Un œdème léger des chevilles et des pieds en fin de journée est courant et bénin. Un œdème brutal du visage, des mains ou des jambes, accompagné de céphalées intenses, de troubles visuels ou d'une douleur épigastrique (barre), doit être évalué en urgence — il peut s'agir d'une prééclampsie. Appelez votre maternité directement.
Pensez à vous lever doucement depuis la position allongée en roulant d'abord sur le côté — cela préserve les muscles abdominaux et limite les douleurs ligamentaires.
Seuil de viabilité – en France, fixé à 22 SA révolues : à partir de cet âge gestationnel, l'enfant né vivant peut bénéficier d'une prise en charge en réanimation néonatale, selon son état et l'avis des équipes médicales et des parents. Les décisions sont individualisées et prises en équipe pluridisciplinaire.
Pyélectasie – dilatation légère du bassinet rénal fœtal, souvent bilatérale. Fréquente et généralement résolutive, mais peut nécessiter un suivi post-natal si elle est importante.
Laparoschisis – malformation de la paroi abdominale fœtale avec hernie des anses intestinales à travers un défect para-ombilical. Dépistée à l'échographie morphologique. Nécessite une prise en charge chirurgicale à la naissance.
Effluvium post-partum – chute de cheveux survenant 2 à 4 mois après l'accouchement, due à la reprise de la chute normale inhibée pendant la grossesse. Transitoire et sans traitement spécifique.
Un placenta bas inséré (ou placenta praevia partiel) à 22 SA signifie que le bord inférieur du placenta se trouve à moins de 20 mm de l'orifice interne du col utérin. C'est relativement fréquent à ce stade — environ 5 % des échographies morphologiques. Dans la grande majorité des cas (environ 90 %), le placenta remonte spontanément avec la croissance de l'utérus et n'est plus bas inséré à terme. Une échographie de contrôle est prescrite autour de 32 SA pour vérifier. Un placenta praevia complet (recouvrant le col) ou persistant à terme nécessite une césarienne programmée.
Si l'échographie morphologique révèle une anomalie ou une image suspecte, vous serez orientée vers un CPDPN (Centre Pluridisciplinaire de Diagnostic Prénatal). Cette équipe spécialisée — obstétriciens, généticiens, pédiatres, chirurgiens pédiatriques — analyse la situation et vous propose un plan de prise en charge adapté : examens complémentaires (amniocentèse, IRM fœtale, échocardiographie), surveillance renforcée ou, si l'anomalie est sévère, un accompagnement pour une décision éclairée sur la poursuite de la grossesse. Toutes les décisions vous appartiennent, dans un cadre d'information et de soutien psychologique.
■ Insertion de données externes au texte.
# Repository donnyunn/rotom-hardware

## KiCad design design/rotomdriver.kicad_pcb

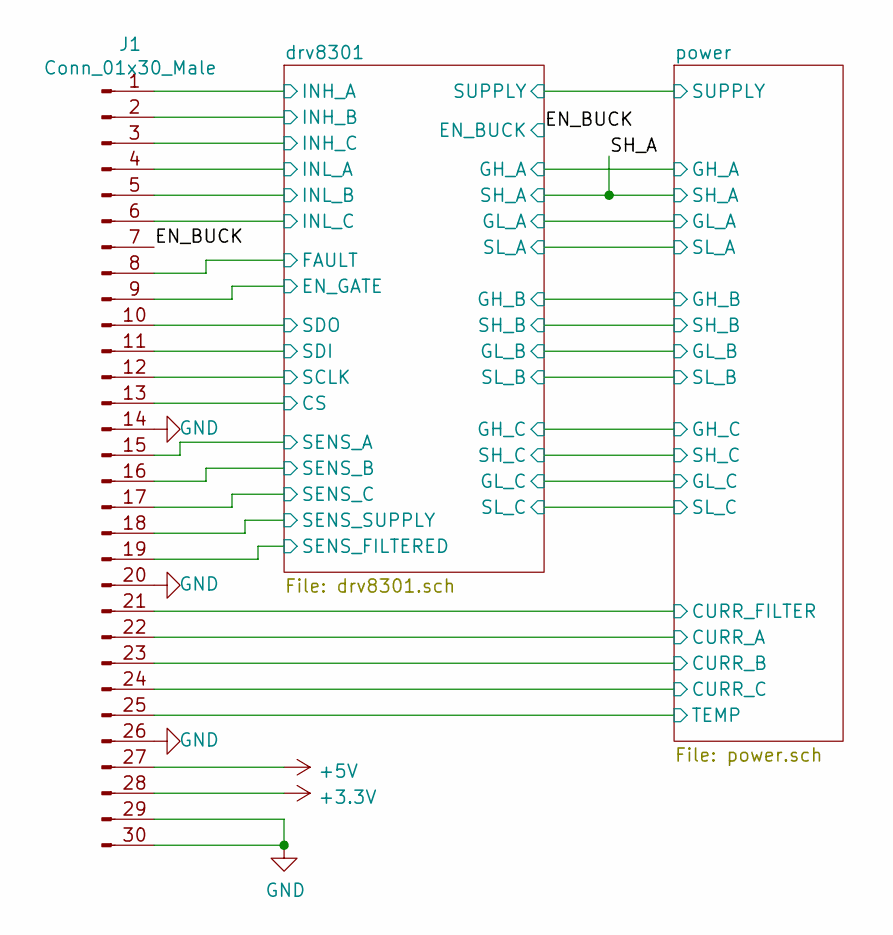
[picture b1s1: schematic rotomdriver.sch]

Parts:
J1: Conn_01x30_Male; PinHeader_2x15_P2.54mm_Vertical

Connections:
+3V3: J1.28; also elsewhere on the board
+5V: J1.27; also elsewhere on the board
/EN_BUCK: J1.7; also elsewhere on the board
/drv8301/CS: J1.13; also elsewhere on the board
/drv8301/EN_GATE: J1.9; also elsewhere on the board
/drv8301/FAULT: J1.8; also elsewhere on the board
/drv8301/INH_A: J1.1; also elsewhere on the board
/drv8301/INH_B: J1.2; also elsewhere on the board
/drv8301/INH_C: J1.3; also elsewhere on the board
/drv8301/INL_A: J1.4; also elsewhere on the board
/drv8301/INL_B: J1.5; also elsewhere on the board
/drv8301/INL_C: J1.6; also elsewhere on the board
/drv8301/SCLK: J1.12; also elsewhere on the board
/drv8301/SDI: J1.11; also elsewhere on the board
/drv8301/SDO: J1.10; also elsewhere on the board
/drv8301/SENS_A: J1.15; also elsewhere on the board
/drv8301/SENS_B: J1.16; also elsewhere on the board
/drv8301/SENS_C: J1.17; also elsewhere on the board
/drv8301/SENS_FILTERED: J1.19; also elsewhere on the board
/drv8301/SENS_SUPPLY: J1.18; also elsewhere on the board
/power/CURR_A: J1.22; also elsewhere on the board
/power/CURR_B: J1.23; also elsewhere on the board
/power/CURR_C: J1.24; also elsewhere on the board
/power/CURR_FILTER: J1.21; also elsewhere on the board
/power/TEMP: J1.25; also elsewhere on the board
GND: J1.14, J1.20, J1.26, J1.29, J1.30; also elsewhere on the board

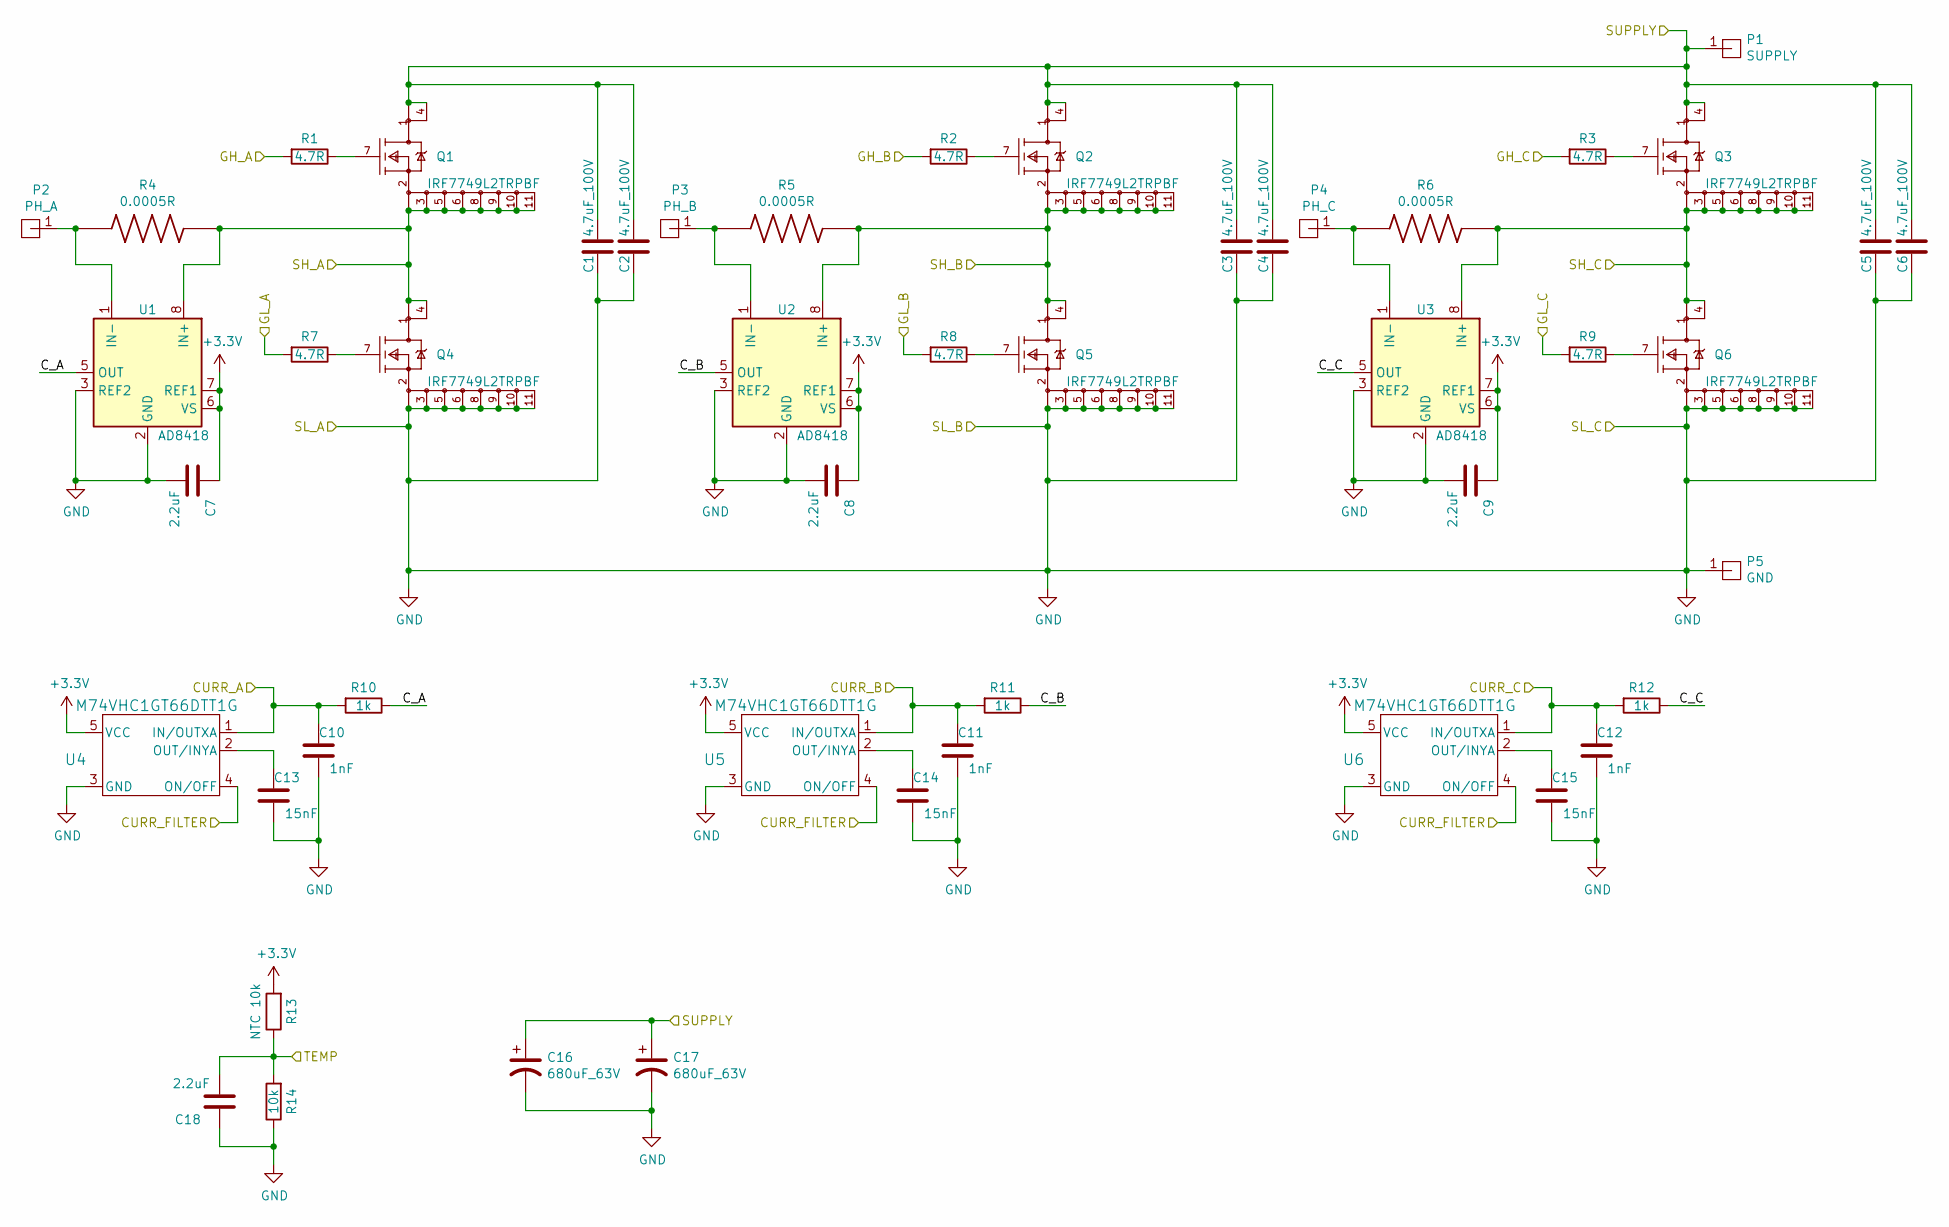
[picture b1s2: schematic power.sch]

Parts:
C1, C2, C3, C4, C5, C6: 4.7uF_100V; C_1210_3225Metric; MPN CL32B475KCVZW6E
C7, C8, C9, C18: 2.2uF; C_0603_1608Metric; MPN CL10A225KQ8NNNC
C10, C11, C12: 1nF; C_0603_1608Metric; MPN CML0603C0G1R0CT50V
C13, C14, C15: 15nF; C_0603_1608Metric; MPN CL10B153KB8NNNC
C16, C17: 680uF_63V; CP_Elec_18x22; MPN AFK687M63R44T-F
P1: SUPPLY; HighCurrent_WithHoles_400mils
P2: PH_A; HighCurrent_WithHoles_250mils
P3: PH_B; HighCurrent_WithHoles_250mils
P4: PH_C; HighCurrent_WithHoles_250mils
P5: GND; HighCurrent_WithHoles_400mils
Q1, Q2, Q3, Q4, Q5, Q6: IRF7749L2TRPBF; Infineon-IRF7749L2TRPBF-0-0-0; MPN IRF7749L2TRPBF
R1, R2, R3, R7, R8, R9: 4.7R; R_0603_1608Metric; MPN RMCF0603FT4K70
R4, R5, R6: 0.0005R; RESC3216X105N; MPN HCS1206FTL500
R10, R11, R12: 1k; R_0603_1608Metric; MPN RMCF0603JJ1K00
R13: NTC 10k; R_0603_1608Metric; MPN NCP18XH103F03RB
R14: 10k; R_0603_1608Metric; MPN RNCF0603BTE10K0
U1, U2, U3: AD8418; MSOP-8_3x3mm_P0.65mm; MPN AD8418ABRMZ-RL
U4, U5, U6: M74VHC1GT66DTT1G; MPN M74VHC1GT66DTT1G

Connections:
+3V3: C7.1, C8.1, C9.1, R13.2, U1.6 (VS), U1.7 (REF1), U2.6 (VS), U2.7 (REF1), U3.6 (VS), U3.7 (REF1), U4.5 (VCC), U5.5 (VCC), U6.5 (VCC); also elsewhere on the board
/SH_A: Q1.2 (S), Q1.3 (S), Q1.5 (S), Q1.6 (S), Q1.8 (S), Q1.9 (S), Q1.10 (S), Q1.11 (S), Q4.1 (D), Q4.4 (D), R4.2, U1.8 (IN+); also elsewhere on the board
/drv8301/GH_A: R1.2; also elsewhere on the board
/drv8301/GH_B: R2.2; also elsewhere on the board
/drv8301/GH_C: R3.2; also elsewhere on the board
/drv8301/GL_A: R7.2; also elsewhere on the board
/drv8301/GL_B: R8.2; also elsewhere on the board
/drv8301/GL_C: R9.2; also elsewhere on the board
/drv8301/SH_B: Q2.2 (S), Q2.3 (S), Q2.5 (S), Q2.6 (S), Q2.8 (S), Q2.9 (S), Q2.10 (S), Q2.11 (S), Q5.1 (D), Q5.4 (D), R5.2, U2.8 (IN+); also elsewhere on the board
/drv8301/SH_C: Q3.2 (S), Q3.3 (S), Q3.5 (S), Q3.6 (S), Q3.8 (S), Q3.9 (S), Q3.10 (S), Q3.11 (S), Q6.1 (D), Q6.4 (D), R6.2, U3.8 (IN+); also elsewhere on the board
/power/CURR_A: C10.2, R10.2, U4.1 (IN/OUTXA); also elsewhere on the board
/power/CURR_B: C11.2, R11.2, U5.1 (IN/OUTXA); also elsewhere on the board
/power/CURR_C: C12.2, R12.2, U6.1 (IN/OUTXA); also elsewhere on the board
/power/CURR_FILTER: U4.4 (ON/OFF), U5.4 (ON/OFF), U6.4 (ON/OFF); also elsewhere on the board
/power/C_A: R10.1, U1.5 (OUT)
/power/C_B: R11.1, U2.5 (OUT)
/power/C_C: R12.1, U3.5 (OUT)
/power/TEMP: C18.2, R13.1, R14.2; also elsewhere on the board
GND: C1.2, C2.2, C3.2, C4.2, C5.2, C6.2, C7.2, C8.2, C9.2, C10.1, C11.1, C12.1, C13.1, C14.1, C15.1, C16.2, C17.2, C18.1, P5.1, Q4.2 (S), Q4.3 (S), Q4.5 (S), Q4.6 (S), Q4.8 (S), Q4.9 (S), Q4.10 (S), Q4.11 (S), Q5.2 (S), Q5.3 (S), Q5.5 (S), Q5.6 (S), Q5.8 (S), Q5.9 (S), Q5.10 (S), Q5.11 (S), Q6.2 (S), Q6.3 (S), Q6.5 (S), Q6.6 (S), Q6.8 (S), Q6.9 (S), Q6.10 (S), Q6.11 (S), R14.1, U1.2 (GND), U1.3 (REF2), U2.2 (GND), U2.3 (REF2), U3.2 (GND), U3.3 (REF2), U4.3 (GND), U5.3 (GND), U6.3 (GND); also elsewhere on the board
unnamed: C13.2, U4.2 (OUT/INYA)
unnamed: C14.2, U5.2 (OUT/INYA)
unnamed: C15.2, U6.2 (OUT/INYA)
unnamed: P2.1, R4.1, U1.1 (IN-)
unnamed: P3.1, R5.1, U2.1 (IN-)
unnamed: P4.1, R6.1, U3.1 (IN-)
unnamed: Q1.7 (G), R1.1
unnamed: Q2.7 (G), R2.1
unnamed: Q3.7 (G), R3.1
unnamed: Q4.7 (G), R7.1
unnamed: Q5.7 (G), R8.1
unnamed: Q6.7 (G), R9.1
SUPPLY: C1.1, C2.1, C3.1, C4.1, C5.1, C6.1, C16.1, C17.1, P1.1, Q1.1 (D), Q1.4 (D), Q2.1 (D), Q2.4 (D), Q3.1 (D), Q3.4 (D); also elsewhere on the board

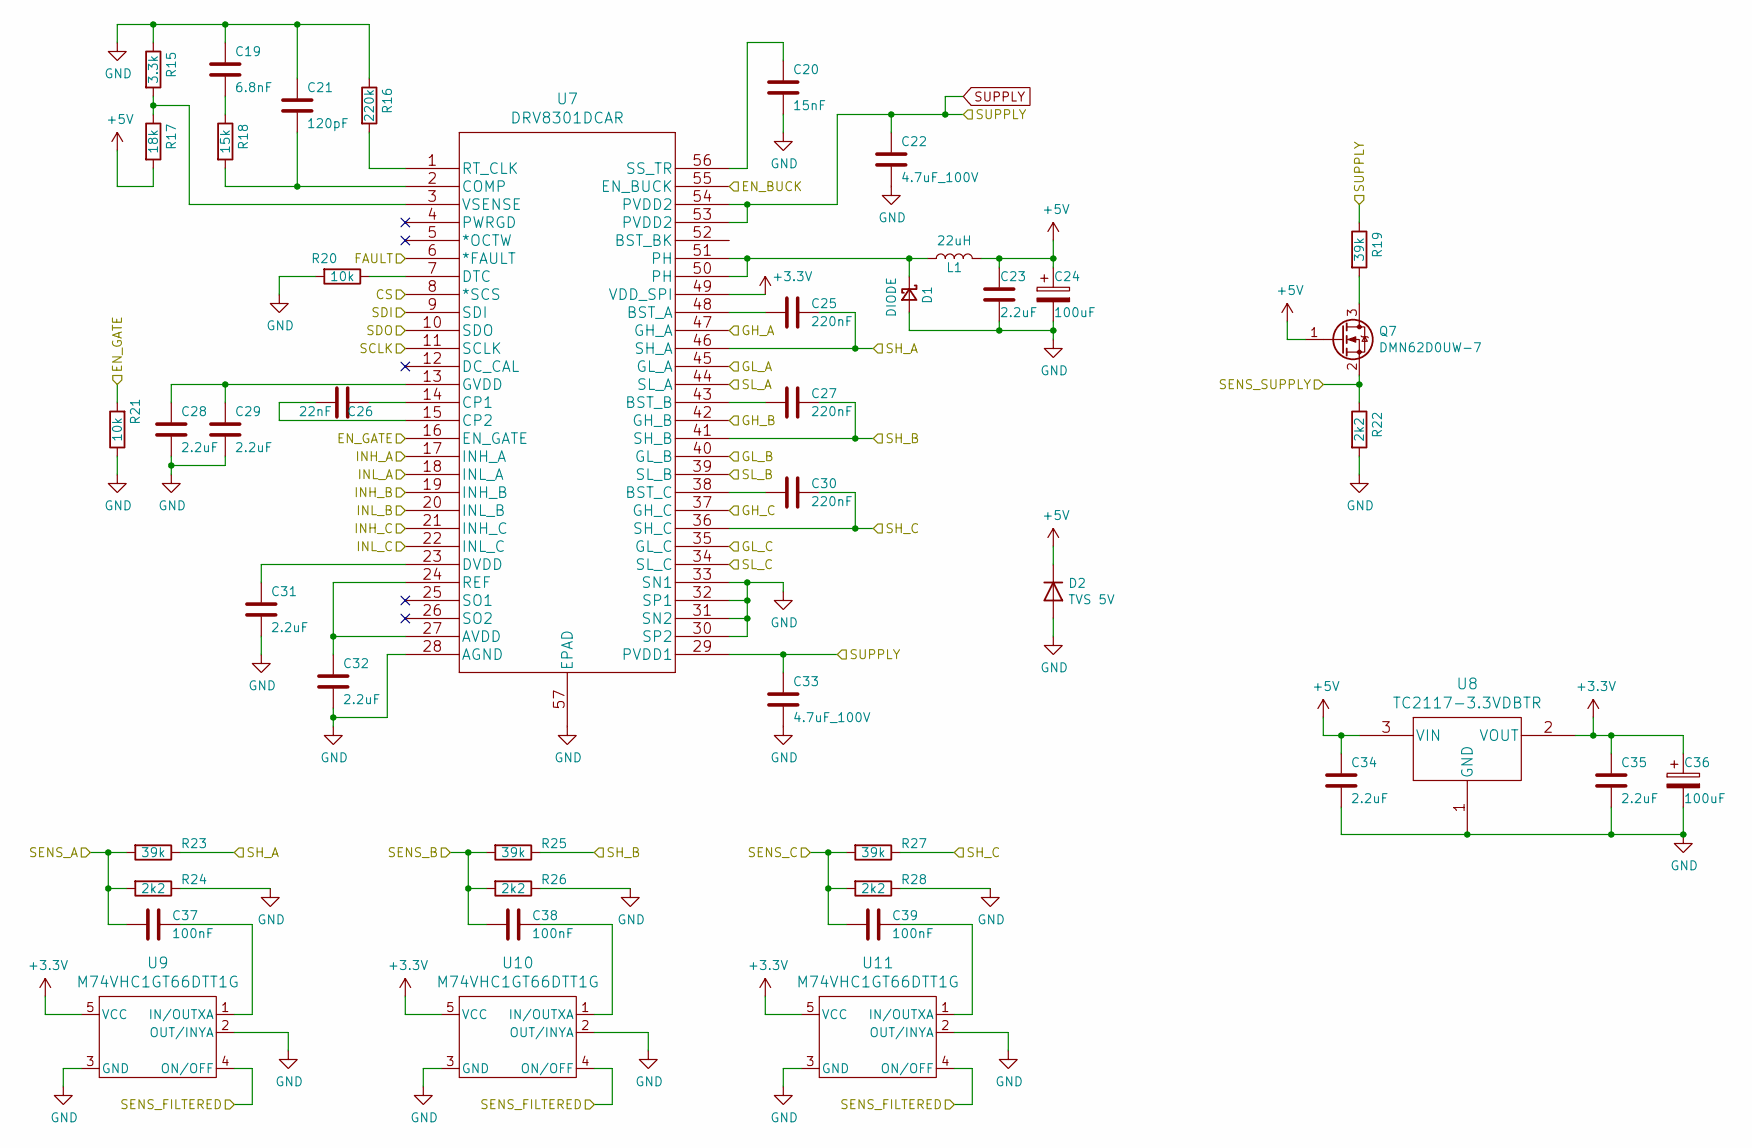
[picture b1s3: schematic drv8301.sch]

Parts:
C19: 6.8nF; C_0603_1608Metric; MPN CL10B682KC8WPNC
C20: 15nF; C_0603_1608Metric; MPN CL10B153KO8NNNC
C21: 120pF; C_0603_1608Metric; MPN CL10C121JB8NNNC
C22, C33: 4.7uF_100V; C_0603_1608Metric; MPN CL32B475KCVZW6E
C23, C28, C29, C31, C32, C34, C35: 2.2uF; C_0603_1608Metric; MPN CL10A225KP8NNNC
C24, C36: 100uF; CP_EIA-6032-20_AVX-F; MPN TAJW107K006RNJ
C25, C27, C30: 220nF; C_0603_1608Metric; MPN CL03A224KP3NNNC
C26: 22nF; C_0603_1608Metric; MPN CL10B223KB8WPNC
C37, C38, C39: 100nF; C_0603_1608Metric; MPN CL10B104KB8NNNL
D1: DIODE; D_SOD-123; MPN PMEG6020ER,115
D2: TVS 5V; D_SMA; MPN SMAJ5.0A
L1: 22uH; L_Bourns-SRN8040_8x8.15mm; MPN SDR0805-220ML
Q7: DMN62D0UW-7; SOT-323_SC-70
R15: 3.3k; R_0603_1608Metric; MPN CPF-A-0603B3K3E
R16: 220k; R_0603_1608Metric; MPN CRGCQ0603F220K
R17: 18k; R_0603_1608Metric; MPN CRGCQ0603F18K
R18: 15k; R_0603_1608Metric; MPN CRGCQ0603F15K
R19: 39k; R_0603_1608Metric; MPN CPF0603B39KE1
R20, R21: 10k; R_0603_1608Metric; MPN RNCP0603FTD10K0
R22, R24, R26, R28: 2k2; R_0603_1608Metric; MPN CPF-A-0603B2K2E
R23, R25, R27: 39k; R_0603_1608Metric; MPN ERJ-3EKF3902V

Pendant la grossesse, les œstrogènes prolongent la phase de croissance du cheveu (phase anagène) et réduisent la chute normale. À l'accouchement, la chute hormonale brutale libère tous les cheveux qui auraient dû tomber pendant 9 mois — d'où l'effluvium post-partum, une chute de cheveux intense qui survient 2 à 4 mois après l'accouchement. Ce phénomène est temporaire : les cheveux repoussent normalement en 6 à 12 mois. Il n'existe pas de traitement spécifique — un bilan sanguin (fer, TSH) peut être utile pour exclure une carence ou une thyroïdite post-partum.